Sur la piste : Victoire Hyundai
En effet, la Fiesta baisse rapidement les bras en raison de son freinage, alors que l’i20 joue les dures et rassure. Les placements se compliquent vite avec la Ford, dont le train avant n’a pas autant de hargne et sature plus facilement. Son ennemie épate par ses freinages tardifs, sa vivacité au placement et sa manière de croquer du vibreur sans être perturbée. L’exemple le plus frappant se produit à la vicieuse chicane suivant la ligne droite, où elle freine au panneau “trop tard” et plonge dans le pif sans temps mort puis ressort dans le paf sereine. La Fiesta réclame plus de bataille au volant et plus de patience en entrée, surtout dans le rayon constant et l’épingle. Dans le double droit, il ne faut pas hésiter à la jeter et à passer en force. Elle est pourtant bien chaussée (Michelin PS4) et possède un autobloquant Quaife optionnel, mais la motricité reste inférieure à celle de l’i20. Hyundai sort l’artillerie, entre les réglages châssis, les P Zero sur mesure ( !) et l’autobloquant. Dans les deux cas, l’arrière se contente d’accompagner sur le sec. À moins de tirer le câble (oui, il existe encore !), les figures artistiques ne sont pas au programme.
Un peu de concentration, il est temps de déclencher le chrono. Nicolas ne parvient pas à rééditer le temps de la ST 3 portes testée en 2018 : 1’29’’07. Cette 5 portes alourdie de 21 kg sauve l’honneur familial en restant sous les 1’30’’ . « Je n’ai plus eu de freins après deux tours et demi ! Elle se cale tout de suite, elle ne glisse pas. L’i20 est au-dessus en châssis. La Fiesta mérite de gros freins et une dose d’antiroulis » précise Nicolas. Sébastien Ullmann, membre de la famille Motorsport et possesseur d’une superbe 205 GTi 1,9 litre trouve la Fiesta plus pêchue, mais constate que le circuit n’est pas son terrain de jeu. Ford pourrait en effet ajouter au pack Performance des freins costauds et des réglages de suspension radicaux. Il serait ainsi en mesure de combattre cette diablesse d’i20, qui épate la galerie par son efficacité, son grip, qui la hissent au sommet de la catégorie. Nicolas n’en revient pas : « Fabuleuse, exceptionnelle ! Elle n’est pas joueuse, mais elle engage bien. Très agréable, hyper saine, elle a un bon feeling.

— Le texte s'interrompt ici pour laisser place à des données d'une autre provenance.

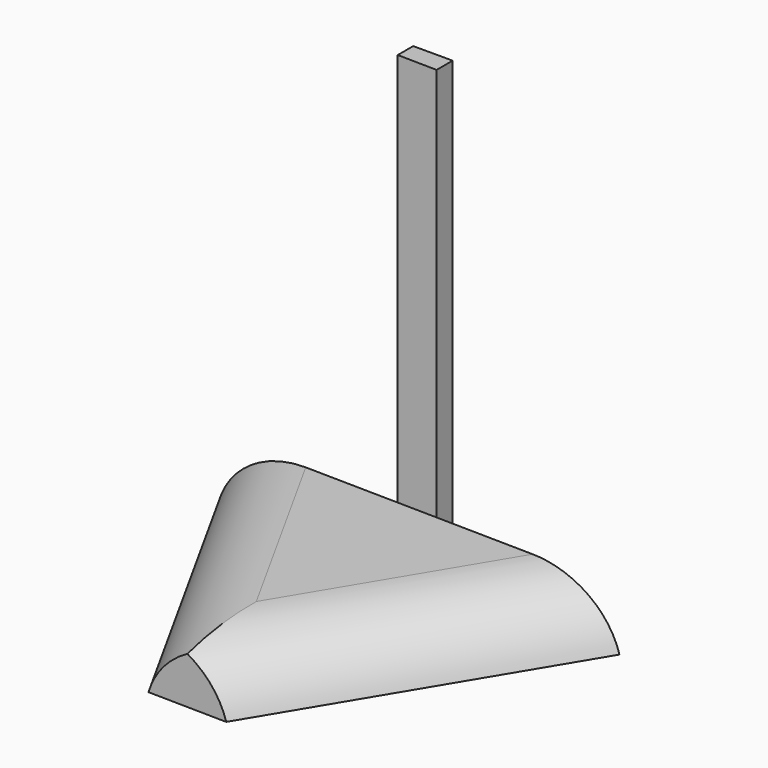
from build123d import *

# Parameters (mm, degrees)
F1_DEPTH      = 3.81
F2_SIZE       = 5.08
F3_T1_DEPTH   = 45.7068968586
F3_T3_DEPTH   = 45.7068968586
F5_DEPTH      = 25.4
F5_DEPTH_BACK = 3.81


# Not quite as in the source:
# - a fillet or chamfer that OpenCascade refuses, or shapes differently, is made with other operations: its cross-section is extruded or revolved along the edge and cut away or added


with BuildPart() as f1:
    # F0 (on Top) → F1 (new body)
    with BuildSketch(Plane.XY):
        Polygon((-0.2622354642, -15.1205231096), (13.2258748636, 7.3331589811), (-12.9636393994, 7.7873641286), align=None)
    extrude(amount=F1_DEPTH)

    # F2
    f2_edges = [f1.edges().sort_by_distance(p)[0] for p in [
        (-0.262235, -15.120523, 1.905),
    ]]
    chamfer(f2_edges, length=F2_SIZE)

    # F3: fillet of radius 5.08 on 2 edges, made by hand

    # F3_s2 → F3_t1 (cut)
    with BuildSketch(Plane(origin=(-10.4602488885, -17.4131955793, 0), x_dir=(0, 0, 1), z_dir=(0.5149420555, 0.8572249877, 0))):
        with BuildLine():
            ThreePointArc((0, 7.5613984578), (2.7460926284, 5.7535615814), (3.81, 2.6427096081))
            Line((3.81, 2.6427096081), (3.81, 7.5613984578))
            Line((3.81, 7.5613984578), (0, 7.5613984578))
        make_face()
    extrude(amount=F3_T1_DEPTH, mode=Mode.SUBTRACT)

    # F3_s4 → F3_t3 (cut)
    with BuildSketch(Plane(origin=(-12.3134758372, 22.2082312655, 0), x_dir=(0, 0, 1), z_dir=(0.4849075883, -0.8745653954, 0))):
        with BuildLine():
            ThreePointArc((3.81, 2.6427096081), (2.7460926284, 5.7535615814), (0, 7.5613984578))
            Line((0, 7.5613984578), (3.81, 7.5613984578))
            Line((3.81, 7.5613984578), (3.81, 2.6427096081))
        make_face()
    extrude(amount=F3_T3_DEPTH, mode=Mode.SUBTRACT)

    # F4 (on face) → F5 (join, two sides)
    with BuildSketch(Plane.XY.offset(3.81)) as f5_sk:
        Polygon((1.27, 7.5405099022), (1.27, 8.8325355317), (-1.27, 8.8325355317), (-1.27, 7.5845611611), align=None)
    extrude(amount=F5_DEPTH)
    extrude(f5_sk.sketch, amount=-F5_DEPTH_BACK)


solid = f1.part

Le travail sur le chrono est facile, seule l’aide au freinage d’urgence gène ». Ce travail se solde par un tour bouclé en 1’27’’91, malgré une vitesse maxi de seulement 166 km/h. Seule la fabuleuse et regrettée 208 GTi 30th la surclasse dans la catégorie : 1’27’’30 ! Cette i20 est donc capable de briller autant en spéciales que sur circuit, ce qui tient du miracle sur ce segment. Sébastien reste également bouche bée : « Elle a un châssis de dingue. On a envie de lui rentrer dedans. L’esprit GTI est là ». Avec autant de louanges et un tel enthousiasme, le trublion i20 N mérite sa place en finale de notre élection de la Sportive 2021, programmée fin octobre.